Private sector lender RBL Bank does not expect a significant impact on its margins after the RBI increased the risk weight on unsecured lending.
Despite having the highest credit card portfolio in terms of retail assets at over 42 per cent, private sector lender RBL Bank does not anticipate a significant impact on its margins following the Reserve Bank of India's (RBI) decision to increase the risk weight on unsecured lending. The RBI increased the risk weight on unsecured consumer loans by 25 percentage points to 125 per cent and to 150 per cent for credit cards on November 16, citing a substantial rise in unsecured lending and delinquencies. Analysts had estimated that this move would raise capital costs for banks by at least Rs 84,000 crore.
Impact on RBL Bank

RBL Bank's chief executive and managing director, R Subramaniakumar, stated that the bank's capital CET 1 ratio cost will increase by 60 bps due to the RBI's action, but the impact on its margin will be minimal, at only 1-2 bps. As of Q2 FY24, the bank's capital adequacy ratio stood at 15.15 per cent, excluding Q2 FY24 profit, and its net interest margin was 5.54 per cent. Its credit cost was 47 bps, which, according to Subramaniakumar's own admission, will rise to at least 107 bps with the higher risk weighting. Given the substantial 60 bps increase in its credit cost, Subramaniakumar's comments on the margin impact are surprising, especially when compared to the nation's largest lender, SBI, which expects its credit cost to rise by 10-12 bps and the impact on its margin to be 3-4 bps, despite having a much lower exposure in percentage terms to its total assets of over Rs 33 lakh crore.
Subramaniakumar mentioned that RBL Bank has Rs 18,572 crore in credit card outstanding as of Q2 and has made provisions that exceed the regulatory mandate, thus avoiding any negative impact. He also highlighted that the credit card book is profitable but did not disclose the absolute amount. With a credit card AUM of Rs 18,506 crore, the bank holds the highest position in the industry. Its total retail portfolio was only Rs 44,092 crore, which grew by 35 per cent in Q2, during which the bank reported a net income of Rs 331 crore. This indicates that the credit card book constitutes over 42 per cent of the bank's total retail exposure.
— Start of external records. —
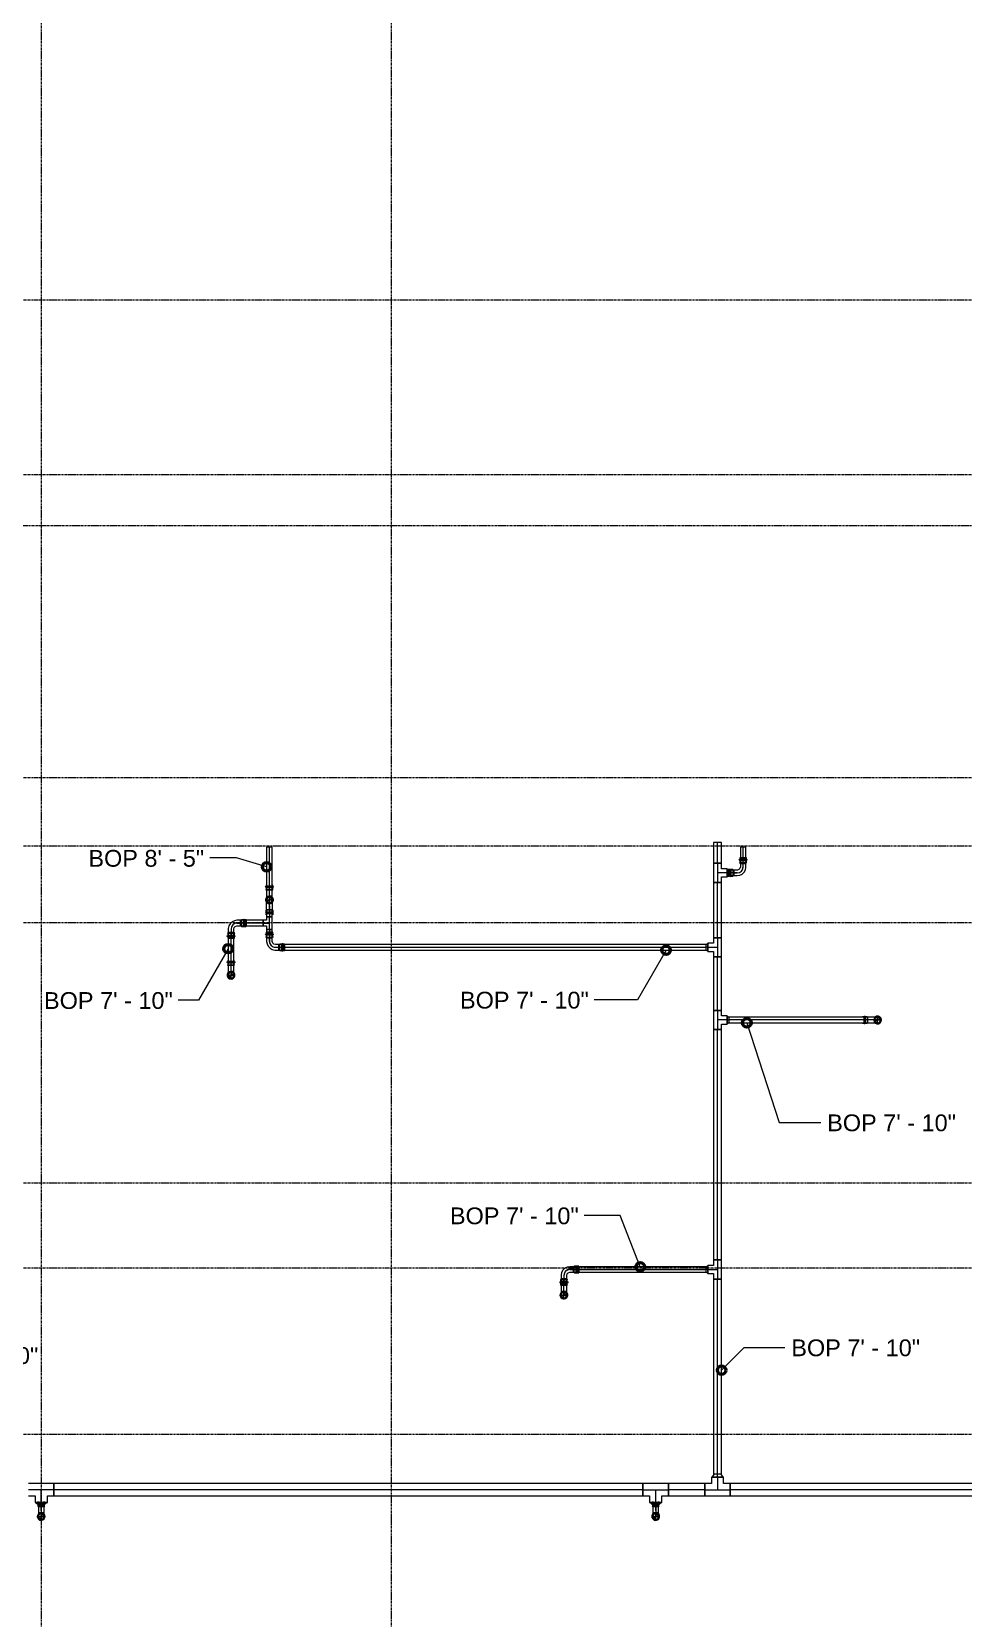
# Model space of a CAD drawing. Header units: inches. Extents: x -3679 to 241, y -496 to 1784.
# Drawn here: x -1686.2 to -1467.9, y 295.9 to 667.8 of the extents above; entities that cross this region are included whole.
import ezdxf

# ---------------------------------------------------------------- set-up
doc = ezdxf.new("R2010")
doc.units = ezdxf.units.IN
doc.header["$MEASUREMENT"] = 0
doc.linetypes.add('Grid Line', pattern=[0.875, 0.5, -0.125, 0.125, -0.125])
for name, color, linetype, lineweight in [('G-ANNO-DIMS', 251, 'Continuous', 9), ('P-PIPE', 1, 'Continuous', 9), ('P-PIPE-CNTR', 1, 'Continuous', 9), ('S-GRID', 8, 'Continuous', 9)]:
    doc.layers.add(name, color=color, linetype=linetype, lineweight=lineweight)
doc.styles.add('Arial', font='arial.ttf', dxfattribs={"height": 3.934132})

# ---------------------------------------------------------------- blocks, each defined once
blk = doc.blocks.new('Victaulic-VicPress316-Elbow 90-45deg Style P568_P571 - Standard-523083-FOURTH LEVEL')
at = {"layer": 'P-PIPE'}
for p, q in [((-3064.18, 1028.04), (-3064.52, 1028.04)), ((-3063.22, 1027.94), (-3064.52, 1027.94)), ((-3064.52, 1027.28), (-3064.52, 1027.28)), ((-3064.52, 1027.28), (-3064.52, 1027.28)), ((-3064.52, 1027.28), (-3064.52, 1027.28)), ((-3064.52, 1027.28), (-3064.52, 1027.28)), ((-3064.18, 1027.28), (-3064.18, 1027.28)), ((-3064.18, 1027.28), (-3064.18, 1027.28)), ((-3063.44, 1028.04), (-3063.89, 1028.04)), ((-3063.89, 1027.28), (-3063.89, 1027.28)), ((-3063.89, 1027.28), (-3063.89, 1027.28)), ((-3062.39, 1027.94), (-3063.33, 1027.94)), ((-3063.33, 1027.94), (-3063.33, 1027.28)), ((-3063.33, 1027.28), (-3063.33, 1027.94)), ((-3063.33, 1027.28), (-3063.33, 1026.62)), ((-3063.33, 1026.62), (-3063.33, 1027.28)), ((-3062.39, 1027.28), (-3063.33, 1027.28)), ((-3063.22, 1027.28), (-3063.22, 1027.28)), ((-3063.22, 1027.28), (-3063.22, 1027.28)), ((-3062.39, 1027.28), (-3061, 1027.28)), ((-3061, 1027.28), (-3061, 1027.28)), ((-3064.52, 1026.62), (-3063.22, 1026.62)), ((-3064.52, 1026.51), (-3064.18, 1026.51)), ((-3063.89, 1026.51), (-3063.44, 1026.51)), ((-3063.33, 1026.62), (-3062.39, 1026.62))]:
    blk.add_line(p, q, dxfattribs=at)
at = {"layer": 'P-PIPE', "flags": 128}
for points in [[(-3064.18, 1028.04), (-3064.11, 1028.17), (-3063.98, 1028.18), (-3063.89, 1028.07), (-3063.89, 1028.04)], [(-3064.18, 1028.04), (-3064.18, 1027.95), (-3064.18, 1027.7), (-3064.18, 1027.34), (-3064.18, 1027.28)], [(-3064.18, 1027.28), (-3064.18, 1027.64), (-3064.18, 1027.92), (-3064.18, 1028.04), (-3064.18, 1028.04)], [(-3064.18, 1026.51), (-3064.18, 1026.6), (-3064.18, 1026.86), (-3064.18, 1027.21), (-3064.18, 1027.28)], [(-3064.18, 1027.28), (-3064.18, 1026.91), (-3064.18, 1026.64), (-3064.18, 1026.51), (-3064.18, 1026.51)], [(-3063.89, 1028.04), (-3063.89, 1027.95), (-3063.89, 1027.7), (-3063.89, 1027.34), (-3063.89, 1027.28)], [(-3063.89, 1027.28), (-3063.89, 1027.64), (-3063.89, 1027.92), (-3063.89, 1028.04), (-3063.89, 1028.04)], [(-3063.89, 1026.51), (-3063.89, 1026.6), (-3063.89, 1026.86), (-3063.89, 1027.21), (-3063.89, 1027.28)], [(-3063.89, 1027.28), (-3063.89, 1026.91), (-3063.89, 1026.64), (-3063.89, 1026.51), (-3063.89, 1026.51)], [(-3063.44, 1028.04), (-3063.24, 1027.96), (-3063.22, 1027.94)], [(-3061, 1027.94), (-3061.09, 1027.94), (-3061.36, 1027.94), (-3061.76, 1027.94), (-3062.25, 1027.94), (-3062.39, 1027.94)], [(-3060.09, 1027.28), (-3060.18, 1027.68), (-3060.44, 1028), (-3060.81, 1028.17), (-3061.22, 1028.16), (-3061.58, 1027.98), (-3061.83, 1027.65), (-3061.91, 1027.28)], [(-3061.91, 1027.28), (-3061.82, 1026.88), (-3061.56, 1026.56), (-3061.19, 1026.39), (-3060.78, 1026.39), (-3060.42, 1026.58), (-3060.17, 1026.91), (-3060.09, 1027.28)], [(-3060.23, 1027.28), (-3060.33, 1027.64), (-3060.58, 1027.92), (-3060.93, 1028.04), (-3061.3, 1027.98), (-3061.6, 1027.75), (-3061.75, 1027.41), (-3061.77, 1027.28)], [(-3061.77, 1027.28), (-3061.67, 1026.91), (-3061.42, 1026.64), (-3061.07, 1026.51), (-3060.7, 1026.57), (-3060.4, 1026.8), (-3060.25, 1027.15), (-3060.23, 1027.28)], [(-3063.89, 1026.51), (-3063.96, 1026.39), (-3064.1, 1026.38), (-3064.18, 1026.49), (-3064.18, 1026.51)], [(-3063.22, 1026.62), (-3063.41, 1026.51), (-3063.44, 1026.51)], [(-3062.39, 1026.62), (-3061.89, 1026.62), (-3061.46, 1026.62), (-3061.15, 1026.62), (-3061.01, 1026.62), (-3061, 1026.62)]]:
    blk.add_lwpolyline(points, dxfattribs=at)
at = {"layer": 'P-PIPE'}
for radius, start, end in [(0.767, 0, 180), (0.766, 0, 180), (0.766, 0, 180), (0.766, 180, 0), (0.767, 180, 0), (0.767, 180, 0), (0.657, 0, 180), (0.657, 0, 180), (0.657, 90, 180), (0.658, 180, 0), (0.658, 180, 0), (0.657, 180, 270), (0.658, 0, 90), (0.658, 270, 0)]:
    blk.add_arc((-3061, 1027.28), radius, start, end, dxfattribs=at)
blk = doc.blocks.new('Victaulic-VicPress316-Elbow 90-45deg Style P568_P571 - Standard-V1-FOURTH LEVEL')
at = {"layer": 'P-PIPE'}
for p, q in [((-3.18, 0.77), (-3.52, 0.77)), ((-3.52, 0.77), (-3.52, -0.77)), ((-3.52, -0.77), (-3.52, 0.77)), ((-2.22, 0.66), (-3.52, 0.66)), ((-3.52, -0.66), (-3.52, 0.66)), ((-3.52, 0.66), (-3.52, -0.66)), ((-3.18, -0.77), (-3.18, 0.77)), ((-3.18, 0.77), (-3.18, -0.77)), ((-2.44, 0.77), (-2.89, 0.77)), ((-2.89, -0.77), (-2.89, 0.77)), ((-2.89, 0.77), (-2.89, -0.77)), ((-1.39, 0.66), (-2.33, 0.66)), ((-2.33, 0), (-2.33, 0.66)), ((-2.33, 0.66), (-2.33, 0)), ((-2.22, -0.66), (-2.22, 0.66)), ((-2.22, 0.66), (-2.22, -0.66)), ((-0.77, 3.52), (-0.77, 3.18)), ((0.77, 3.52), (-0.77, 3.52)), ((-0.77, 3.52), (0.77, 3.52)), ((-0.77, 3.18), (0.77, 3.18)), ((0.77, 3.18), (-0.77, 3.18)), ((-0.77, 2.89), (-0.77, 2.44)), ((-0.77, 2.89), (0.77, 2.89)), ((0.77, 2.89), (-0.77, 2.89)), ((-0.66, 3.52), (-0.66, 2.22)), ((-0.66, 3.52), (0.66, 3.52)), ((0.66, 3.52), (-0.66, 3.52)), ((-0.66, 2.33), (-0.66, 1.39)), ((0, 2.33), (-0.66, 2.33)), ((-0.66, 2.33), (0, 2.33)), ((-0.66, 2.22), (0.66, 2.22)), ((0.66, 2.22), (-0.66, 2.22)), ((0, 2.33), (0.66, 2.33)), ((0.66, 2.33), (0, 2.33)), ((0, 1.39), (0, 2.33)), ((0.66, 2.22), (0.66, 3.52)), ((0.66, 1.39), (0.66, 2.33)), ((0.77, 3.18), (0.77, 3.52)), ((0.77, 2.44), (0.77, 2.89)), ((-3.52, -0.66), (-2.22, -0.66)), ((-3.52, -0.77), (-3.18, -0.77)), ((-2.89, -0.77), (-2.44, -0.77)), ((-2.33, 0), (-2.33, -0.66)), ((-2.33, -0.66), (-2.33, 0)), ((-1.39, 0), (-2.33, 0)), ((-2.33, -0.66), (-1.39, -0.66))]:
    blk.add_line(p, q, dxfattribs=at)
at = {"layer": 'P-PIPE', "flags": 128}
for points in [[(-3.18, 0.77), (-3.11, 0.89), (-2.98, 0.9), (-2.89, 0.79), (-2.89, 0.77)], [(-3.18, 0.77), (-3.18, 0.67), (-3.18, 0.42), (-3.18, 0.07), (-3.18, -0.3), (-3.18, -0.6), (-3.18, -0.75), (-3.18, -0.77)], [(-3.18, -0.77), (-3.18, -0.67), (-3.18, -0.42), (-3.18, -0.07), (-3.18, 0.3), (-3.18, 0.6), (-3.18, 0.75), (-3.18, 0.77)], [(-2.89, -0.77), (-2.89, -0.67), (-2.89, -0.42), (-2.89, -0.07), (-2.89, 0.3), (-2.89, 0.6), (-2.89, 0.75), (-2.89, 0.77)], [(-2.89, 0.77), (-2.89, 0.67), (-2.89, 0.42), (-2.89, 0.07), (-2.89, -0.3), (-2.89, -0.6), (-2.89, -0.75), (-2.89, -0.77)], [(-2.44, 0.77), (-2.24, 0.68), (-2.22, 0.66)], [(-0.66, 1.39), (-0.75, 1.04), (-1, 0.77), (-1.35, 0.66), (-1.39, 0.66)], [(-1.39, -0.66), (-0.78, -0.56), (-0.23, -0.29), (0.22, 0.13), (0.53, 0.67), (0.65, 1.27), (0.66, 1.39)], [(-0.77, 2.89), (-0.89, 2.96), (-0.9, 3.1), (-0.79, 3.18), (-0.77, 3.18)], [(0.77, 3.18), (0.67, 3.18), (0.42, 3.18), (0.07, 3.18), (-0.3, 3.18), (-0.6, 3.18), (-0.75, 3.18), (-0.77, 3.18)], [(-0.77, 3.18), (-0.67, 3.18), (-0.42, 3.18), (-0.07, 3.18), (0.3, 3.18), (0.6, 3.18), (0.75, 3.18), (0.77, 3.18)], [(-0.77, 2.89), (-0.67, 2.89), (-0.42, 2.89), (-0.07, 2.89), (0.3, 2.89), (0.6, 2.89), (0.75, 2.89), (0.77, 2.89)], [(0.77, 2.89), (0.67, 2.89), (0.42, 2.89), (0.07, 2.89), (-0.3, 2.89), (-0.6, 2.89), (-0.75, 2.89), (-0.77, 2.89)], [(-0.66, 2.22), (-0.77, 2.41), (-0.77, 2.44)], [(0.77, 2.44), (0.68, 2.24), (0.66, 2.22)], [(0.77, 3.18), (0.89, 3.11), (0.9, 2.98), (0.79, 2.89), (0.77, 2.89)], [(-2.89, -0.77), (-2.96, -0.89), (-3.1, -0.9), (-3.18, -0.79), (-3.18, -0.77)], [(-2.22, -0.66), (-2.41, -0.77), (-2.44, -0.77)]]:
    blk.add_lwpolyline(points, dxfattribs=at)
at = {"layer": 'P-PIPE'}
blk.add_arc((-1.39, 1.39), 1.39, 270, 0, dxfattribs=at)
blk = doc.blocks.new('Victaulic-VicPress316-Elbow 90-45deg Style P568_P571 - Standard-V2-FOURTH LEVEL')
at = {"layer": 'P-PIPE'}
for p, q in [((-3203.81, 730.05), (-3203.81, 729.6)), ((-3203.81, 729.31), (-3203.81, 728.97)), ((-3203.7, 731.1), (-3203.7, 730.16)), ((-3203.7, 730.27), (-3203.7, 728.97)), ((-3203.05, 730.16), (-3203.7, 730.16)), ((-3203.7, 730.16), (-3203.05, 730.16)), ((-3203.05, 732.49), (-3203.05, 732.49)), ((-3203.05, 732.49), (-3203.05, 731.1)), ((-3203.05, 731.1), (-3203.05, 730.16)), ((-3203.05, 730.27), (-3203.05, 730.27)), ((-3203.05, 730.27), (-3203.05, 730.27)), ((-3202.39, 730.16), (-3203.05, 730.16)), ((-3203.05, 730.16), (-3202.39, 730.16)), ((-3203.05, 729.6), (-3203.05, 729.6)), ((-3203.05, 729.6), (-3203.05, 729.6)), ((-3203.05, 729.31), (-3203.05, 729.31)), ((-3203.05, 729.31), (-3203.05, 729.31)), ((-3202.39, 730.16), (-3202.39, 731.1)), ((-3202.39, 728.97), (-3202.39, 730.27)), ((-3202.28, 729.6), (-3202.28, 730.05)), ((-3202.28, 728.97), (-3202.28, 729.31)), ((-3203.05, 728.97), (-3203.05, 728.97)), ((-3203.05, 728.97), (-3203.05, 728.97)), ((-3203.05, 728.97), (-3203.05, 728.97)), ((-3203.05, 728.97), (-3203.05, 728.97))]:
    blk.add_line(p, q, dxfattribs=at)
at = {"layer": 'P-PIPE', "flags": 128}
for points in [[(-3203.05, 733.4), (-3203.45, 733.31), (-3203.76, 733.05), (-3203.94, 732.68), (-3203.93, 732.27), (-3203.75, 731.91), (-3203.42, 731.66), (-3203.05, 731.58)], [(-3203.05, 733.26), (-3203.41, 733.16), (-3203.69, 732.91), (-3203.81, 732.56), (-3203.75, 732.19), (-3203.52, 731.89), (-3203.18, 731.74), (-3203.05, 731.72)], [(-3203.05, 731.58), (-3202.65, 731.67), (-3202.33, 731.93), (-3202.15, 732.3), (-3202.16, 732.71), (-3202.35, 733.07), (-3202.67, 733.32), (-3203.05, 733.4)], [(-3203.05, 731.72), (-3202.68, 731.82), (-3202.41, 732.07), (-3202.28, 732.42), (-3202.34, 732.79), (-3202.57, 733.09), (-3202.91, 733.24), (-3203.05, 733.26)], [(-3203.81, 729.31), (-3203.93, 729.38), (-3203.94, 729.51), (-3203.83, 729.6), (-3203.81, 729.6)], [(-3203.81, 730.05), (-3203.72, 730.25), (-3203.7, 730.27)], [(-3203.81, 729.6), (-3203.72, 729.6), (-3203.47, 729.6), (-3203.11, 729.6), (-3203.05, 729.6)], [(-3203.05, 729.6), (-3203.41, 729.6), (-3203.69, 729.6), (-3203.81, 729.6), (-3203.81, 729.6)], [(-3203.81, 729.31), (-3203.72, 729.31), (-3203.47, 729.31), (-3203.11, 729.31), (-3203.05, 729.31)], [(-3203.05, 729.31), (-3203.41, 729.31), (-3203.69, 729.31), (-3203.81, 729.31), (-3203.81, 729.31)], [(-3203.7, 732.49), (-3203.7, 732.4), (-3203.7, 732.13), (-3203.7, 731.73), (-3203.7, 731.24), (-3203.7, 731.1)], [(-3202.28, 729.6), (-3202.37, 729.6), (-3202.62, 729.6), (-3202.98, 729.6), (-3203.05, 729.6)], [(-3203.05, 729.6), (-3202.68, 729.6), (-3202.41, 729.6), (-3202.28, 729.6), (-3202.28, 729.6)], [(-3202.28, 729.31), (-3202.37, 729.31), (-3202.62, 729.31), (-3202.98, 729.31), (-3203.05, 729.31)], [(-3203.05, 729.31), (-3202.68, 729.31), (-3202.41, 729.31), (-3202.28, 729.31), (-3202.28, 729.31)], [(-3202.39, 731.1), (-3202.39, 731.6), (-3202.39, 732.03), (-3202.39, 732.34), (-3202.39, 732.48), (-3202.39, 732.49)], [(-3202.39, 730.27), (-3202.28, 730.08), (-3202.28, 730.05)], [(-3202.28, 729.6), (-3202.16, 729.53), (-3202.15, 729.39), (-3202.26, 729.31), (-3202.28, 729.31)]]:
    blk.add_lwpolyline(points, dxfattribs=at)
at = {"layer": 'P-PIPE'}
for radius, start, end in [(0.767, 90, 270), (0.767, 90, 270), (0.767, 90, 270), (0.658, 90, 270), (0.658, 90, 270), (0.658, 90, 180), (0.766, 270, 90), (0.766, 270, 90), (0.766, 270, 90), (0.658, 270, 90), (0.657, 270, 90), (0.658, 0, 90), (0.658, 180, 270), (0.658, 270, 0)]:
    blk.add_arc((-3203.05, 732.49), radius, start, end, dxfattribs=at)

msp = doc.modelspace()

# ---------------------------------------------------------------- linework, layer by layer
at = {"layer": 'G-ANNO-DIMS'}
for p, q in [((-1638.21, 474.14), (-1644.52, 474.14)), ((-1631.17, 472.04), (-1638.21, 474.14)), ((-1640.17, 452.86), (-1647.13, 440.8)), ((-1537.58, 452.52), (-1544.29, 440.89)), ((-1647.13, 440.8), (-1651.88, 440.8)), ((-1544.29, 440.89), (-1554.4, 440.89)), ((-1518.66, 435.48), (-1511.04, 412.13)), ((-1511.04, 412.13), (-1501.32, 412.13)), ((-1548.35, 390.32), (-1556.76, 390.32)), ((-1543.62, 378.29), (-1548.35, 390.32)), ((-1524.56, 354.06), (-1519.25, 359.38)), ((-1519.25, 359.38), (-1509.73, 359.38))]:
    msp.add_line(p, q, dxfattribs=at)
at = {"layer": 'G-ANNO-DIMS', "lineweight": 50}
for centre in [(-1631.17, 472.04), (-1640.17, 452.86), (-1537.58, 452.52), (-1518.66, 435.48), (-1543.62, 378.29), (-1524.56, 354.06)]:
    msp.add_circle(centre, 1, dxfattribs=at)
at = {"layer": 'P-PIPE'}
for p, q in [((-1631.17, 476.64), (-1631.17, 466.64)), ((-1629.86, 476.64), (-1631.17, 476.64)), ((-1629.86, 466.64), (-1629.86, 476.64)), ((-1526.46, 477.75), (-1526.46, 472.88)), ((-1524.56, 477.75), (-1526.46, 477.75)), ((-1524.56, 472.88), (-1524.56, 477.75)), ((-1520.17, 476.64), (-1520.17, 472.97)), ((-1518.86, 476.64), (-1520.17, 476.64)), ((-1518.86, 472.97), (-1518.86, 476.64)), ((-1526.47, 472.88), (-1526.47, 468.39)), ((-1524.56, 472.88), (-1526.47, 472.88)), ((-1526.47, 472.88), (-1524.56, 472.88)), ((-1524.56, 472.88), (-1526.46, 472.88)), ((-1524.56, 471.59), (-1524.56, 472.88)), ((-1518.86, 472.97), (-1520.17, 472.97)), ((-1523.27, 471.59), (-1524.56, 471.59)), ((-1524.56, 468.39), (-1524.56, 469.68)), ((-1524.56, 469.68), (-1523.27, 469.68)), ((-1523.27, 471.59), (-1523.27, 469.68)), ((-1523.27, 469.68), (-1523.27, 471.59)), ((-1522.86, 471.2), (-1523.27, 471.45)), ((-1523.27, 469.82), (-1522.86, 470.07)), ((-1521.84, 471.29), (-1522.86, 471.29)), ((-1522.86, 471.29), (-1522.86, 469.98)), ((-1522.86, 469.98), (-1521.84, 469.98)), ((-1521.84, 471.29), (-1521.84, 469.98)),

Addressing Attrition Rates
Subramaniakumar acknowledged that the bank previously faced one of the worst attrition rates in the industry, approaching 40 per cent, which spiked after the bank nearly collapsed in late 2021. However, he stated that much of the problem has been contained, and in Q2, the attrition level decreased by almost 8 per cent to around 30 per cent.
Risk Weight Hike on Consumer Credit
The RBI circular stated that it has been decided to increase the risk weights in respect of consumer credit exposure of commercial banks outstanding as well as new, including personal loans, but excluding housing loans, education loans, vehicle loans and loans secured by gold and gold jewellery, by 25 percentage points to 125 per cent. The new regulations, however, will not be applicable to housing loans, education loans, vehicle loans and loans secured by gold and gold jewellery.
A higher risk weight means that lenders need to set aside more funds as a safety net for consumer loans, which could make such credit more expensive. It also restricts banks' lending capacity as they have to set aside more funds for solvency. A similar raise has been effected in the case of credit card receivables, as per the circular, on regulatory measures towards consumer credit and bank credit to non-banking financial companies too. As a result, the risk weights on credit card exposures now have been increased by 25 percentage points to 150 per cent and 125 per cent for banks and NBFCs, respectively.
Impact on the Banking Industry
The immediate impact of the enhanced risk weights is the excess capital that banks would now require. According to SBI Research, the banking industry needs Rs 84,000 crore of excess capital. Global rating agency S&P has estimated that the credit cost on the system will be 60 bps higher. Unsecured personal loans and credit card debt have risen by 26 per cent in the 12 months ending September 2023. Unsecured loans constitute about 9.8 per cent of total loans in the banking system as of September 2023.
While the RBI's decision to increase risk weights on unsecured lending aims to address the substantial rise in unsecured lending and delinquencies, it remains to be seen how banks will adjust their strategies in response to this regulatory change. RBL Bank, despite having the highest credit card portfolio, seems confident that the impact on its margins will be minimal. However, the overall impact on the banking industry, in terms of capital requirements and credit costs, is likely to be significant.